Some Chinese sites are “still selling” crypto, raising funds in tokens like bitcoin (BTC) and ethereum (ETH), and circulating crypto-related news stories from within the Mainland, a report has claimed, citing evidence from government-aligned agencies.
Per the state-owned news agency Xinhua, recent proclamations from the central People’s Bank of China (PBoC) and government organs have “clarified that virtual currency-related business activities classify as illegal financial activities,” and that parties who “produce or circulate marketing and publicity for overseas virtual currency exchanges must be held accountable in accordance with the law.”
Xinhua claims it has unearthed evidence that some Mainland websites are still promoting crypto, often “under the guise of blockchain and metaverse-related activities.
However, others are more flagrantly offering crypto tutorials, organizing live in-person or online “events,” to “attract traffic to various overseas”-based crypto providers.
The news agency gave examples of websites that compiled news from recent crypto projects from around the world, as well as “trading tutorials” to teach “netizens how to speculate on coins” using “hands-on” methods.
Another provided an “online registration” function for traders accessing overseas platforms and check on “the exchange activities of virtual currency projects.”
Yet others contained links to “online presentations” from crypto “project leader,” and provided an online “gathering place” for “big shots” in the crypto space – as well as “crypto hype”-promoting articles.
The news agency quoted an expert from a Shanghai Pudong-based “reform and development research institute” as stating,
“Since the intensive crackdowns on virtual currency transactions since in 2017, China’s domestic virtual currency trading and issuance platforms have been cleaned up and banned. But many virtual currency-related websites and [social media groups] are still active.”
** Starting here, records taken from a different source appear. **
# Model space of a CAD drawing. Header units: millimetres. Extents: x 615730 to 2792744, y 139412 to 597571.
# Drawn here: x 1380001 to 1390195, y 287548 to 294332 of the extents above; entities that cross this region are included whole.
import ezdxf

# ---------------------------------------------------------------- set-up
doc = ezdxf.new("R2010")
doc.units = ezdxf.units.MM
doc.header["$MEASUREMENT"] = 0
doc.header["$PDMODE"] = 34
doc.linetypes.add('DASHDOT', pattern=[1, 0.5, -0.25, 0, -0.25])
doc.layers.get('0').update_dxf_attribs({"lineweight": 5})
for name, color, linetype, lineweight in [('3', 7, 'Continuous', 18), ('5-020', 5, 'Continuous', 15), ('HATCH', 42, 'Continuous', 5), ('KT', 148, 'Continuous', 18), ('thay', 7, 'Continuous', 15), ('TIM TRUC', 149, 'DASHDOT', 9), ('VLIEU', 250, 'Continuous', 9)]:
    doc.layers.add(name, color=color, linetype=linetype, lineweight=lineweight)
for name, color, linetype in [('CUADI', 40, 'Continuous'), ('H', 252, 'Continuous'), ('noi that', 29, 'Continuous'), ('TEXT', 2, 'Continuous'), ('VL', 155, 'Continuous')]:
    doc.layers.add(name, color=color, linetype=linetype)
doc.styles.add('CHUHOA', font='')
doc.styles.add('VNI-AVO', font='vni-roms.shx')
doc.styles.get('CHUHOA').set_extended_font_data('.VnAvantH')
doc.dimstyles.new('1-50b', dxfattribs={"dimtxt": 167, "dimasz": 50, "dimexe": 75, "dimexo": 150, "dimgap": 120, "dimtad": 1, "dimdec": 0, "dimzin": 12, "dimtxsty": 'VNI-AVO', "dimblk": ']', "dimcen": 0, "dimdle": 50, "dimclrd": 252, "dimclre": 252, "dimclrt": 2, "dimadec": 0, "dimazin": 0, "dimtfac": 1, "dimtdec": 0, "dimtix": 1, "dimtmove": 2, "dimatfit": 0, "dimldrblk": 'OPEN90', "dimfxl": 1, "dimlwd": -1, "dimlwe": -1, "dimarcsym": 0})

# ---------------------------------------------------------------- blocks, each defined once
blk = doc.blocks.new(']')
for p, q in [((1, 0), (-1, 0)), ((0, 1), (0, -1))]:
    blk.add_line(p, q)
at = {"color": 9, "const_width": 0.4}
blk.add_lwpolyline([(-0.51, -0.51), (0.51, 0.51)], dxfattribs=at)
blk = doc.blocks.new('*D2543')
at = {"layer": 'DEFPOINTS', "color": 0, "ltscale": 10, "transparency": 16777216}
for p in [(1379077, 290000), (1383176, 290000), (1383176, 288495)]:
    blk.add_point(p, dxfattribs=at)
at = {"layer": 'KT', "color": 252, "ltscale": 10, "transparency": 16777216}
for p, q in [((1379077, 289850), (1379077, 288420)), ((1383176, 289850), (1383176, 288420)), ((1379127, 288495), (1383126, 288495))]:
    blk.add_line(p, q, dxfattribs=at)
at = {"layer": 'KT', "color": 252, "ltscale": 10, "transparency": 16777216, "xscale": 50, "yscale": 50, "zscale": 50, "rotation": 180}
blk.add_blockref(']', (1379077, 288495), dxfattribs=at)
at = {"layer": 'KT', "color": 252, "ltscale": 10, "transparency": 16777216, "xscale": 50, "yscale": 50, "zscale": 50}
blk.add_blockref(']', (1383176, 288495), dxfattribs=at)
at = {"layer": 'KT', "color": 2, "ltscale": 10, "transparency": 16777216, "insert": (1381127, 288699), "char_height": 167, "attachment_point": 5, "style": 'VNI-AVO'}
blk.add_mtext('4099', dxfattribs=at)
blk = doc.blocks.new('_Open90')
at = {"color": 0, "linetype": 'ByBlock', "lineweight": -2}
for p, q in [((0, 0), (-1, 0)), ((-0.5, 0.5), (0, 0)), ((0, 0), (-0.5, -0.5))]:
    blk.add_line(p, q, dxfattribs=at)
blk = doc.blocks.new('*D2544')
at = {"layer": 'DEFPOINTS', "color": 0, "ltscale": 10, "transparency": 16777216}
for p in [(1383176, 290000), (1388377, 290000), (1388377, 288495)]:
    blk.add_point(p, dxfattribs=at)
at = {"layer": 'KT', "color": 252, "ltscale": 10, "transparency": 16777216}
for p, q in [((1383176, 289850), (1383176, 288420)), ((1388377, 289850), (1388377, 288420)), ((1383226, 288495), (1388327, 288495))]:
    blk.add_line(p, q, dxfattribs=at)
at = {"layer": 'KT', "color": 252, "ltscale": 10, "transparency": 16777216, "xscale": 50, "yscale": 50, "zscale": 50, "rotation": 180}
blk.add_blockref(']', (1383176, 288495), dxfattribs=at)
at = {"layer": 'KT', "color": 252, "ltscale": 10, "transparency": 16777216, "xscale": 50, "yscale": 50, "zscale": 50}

The news agency said it had seen evidence of sites that required visitors to pay hundreds of USD as subscription fees or appeared to request visitors to make crypto contributions to upkeep costs.
Deng Jianpeng, a professor at the Beijing-based Central University of Finance and Economics’ Law School, as quoted as explaining:
“If a [domestic] internet website recommends [investing in] virtual currency, it can be determined to be in violation of the law.”
The PBoC and multiple regulatory bodies recently issued a joint statement, signed by a number of ministries, warning that individuals found to be involved in “marketing, promotion, payment and settlement and technical support”-related activities for overseas trading platforms and providers would be “investigated in accordance with the law.”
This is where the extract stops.